Influenza Vaccination in Young Children Reduces Influenza-associated Hospitalizations in Older Adults, 2002–2006

Steven A. Cohen, Dr PH; Kenneth K.H. Chui, PhD; Elena N. Naumova, PhD


J Am Geriatr Soc. 2011;59(2):327-332. 

In This Article

Abstract and Introduction


Objectives: To assess how influenza vaccination coverage in children is related to pneumonia and influenza (P&I) in older adults and whether sociodemographic factors modify these associations.
Design: Approximately 5 million hospitalization records from the Centers for Medicare and Medicaid Services for four influenza years (2002–2006) were abstracted. A single-year age distribution of rates of P&I hospitalization was estimated according to state for each influenza season; an exponential acceleration in the P&I rates with age was observed for each influenza season. State- and season-specific P&I rate accelerations were regressed against the percentage of vaccinated children, older adults, or both using mixed effects models.
Setting: U.S. population, 2002 to 2006.
Participants: U.S. population aged 65 and older.
Measurements: State-level influenza annual vaccination coverage data in children and older adults were obtained from the National Immunization Survey and the Behavioral Risk Factor Surveillance System, respectively.
Results: Child influenza vaccination coverage was negatively associated with age acceleration in P&I, whereas influenza vaccination in the older adults themselves was not significantly associated with P&I in older adults.
Conclusion: Vaccination of children against influenza may induce herd immunity against influenza for older adults and has the potential to be more beneficial to older adults than the existing policy of preventing influenza by vaccinating older adults themselves.


Influenza and associated diseases are among the leading causes of death for older adults in the United States. In the general population, there were nearly 1.7 million annual hospitalizations attributable to pneumonia and influenza (P&I), with 65% of those cases having P&I as the primary diagnosis between the 1979/80 and 2000/01 influenza seasons.[1] Of the 1.7 million annual hospitalizations for influenza-associated diseases, 1.2 million are in the population aged 65 and older. Older adults also experience more-severe complications from these diseases than all other age groups. The P&I mortality rate is 22.1 per 100,000 in the population aged 65 to 99 (hereafter "older population"), nearly 100 times as higher as in the group with the next highest rate (0.3/100,000 in children <1). From 2000 to 2002, there were more than 1.2 million hospitalizations in the older population with any listed diagnosis of pneumonia.[2] The population aged 85 and older experience the highest rates of hospitalization from P&I (629/100,000 person-years).[1] P&I morbidity increases nearly exponentially with age in the older population,[3] probably because of declining immunological function with age.[4] The aging and growth of the older population is to likely magnify the effect of P&I in this vulnerable population.

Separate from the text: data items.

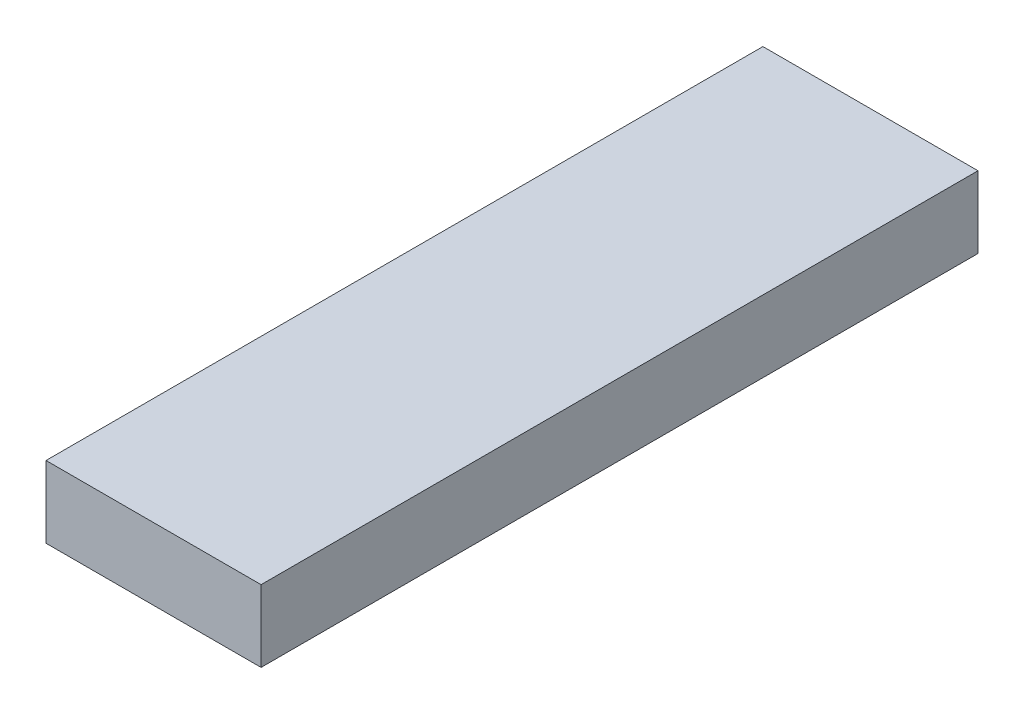
SolidWorks part; units mm, degrees
ref_plane "Front Plane" through (0, 0, 0) normal (0, 0, 1) x (1, 0, 0)
ref_plane "Top Plane" through (0, 0, 0) normal (0, 1, 0) x (1, 0, 0)
ref_plane "Right Plane" through (0, 0, 0) normal (1, 0, 0) x (0, 0, -1)
sketch "Sketch1" plane through (0, 0, 0) normal (0, 1, 0) x (1, 0, 0)
  line L1 (0, 0) -> (30, 0)
  line L2 (0, 0) -> (0, 100)
  line L3 (0, 100) -> (30, 100)
  line L4 (30, 0) -> (30, 100)
  dimension "D1" = 100
  dimension "D2" = 30
extrude "Boss-Extrude1" add sketch "Sketch1" along normal blind 10
ref_plane "Plane1" through (15, 0, 0) normal (-1, 0, 0) x (0, 0, 1)

Influenza is easily spread from person to person. One means of controlling influenza is to vaccinate those individuals who are most likely to spread the infection first, particularly in environments in which vaccination is not obligatory or where vaccine supply is limited. The primary means of controlling influenza, which is largely preventable, is through annual vaccination.[5] Vaccine safety in children has been well documented for inactivated vaccine[6] and live attenuated vaccine[7] in children aged 9 to 17. In children, influenza vaccine has been shown to be highly efficacious in clinical settings, with efficacy ranging from 65% to 96%.[8] For the older population, vaccine efficacy is consistently lower (12–68%[9,10]). Clinical efficacy of the influenza vaccine is higher in older adults younger than 75 than in those aged 75 and older,[11] which is consistent with the observed declines in immune function with age.[12]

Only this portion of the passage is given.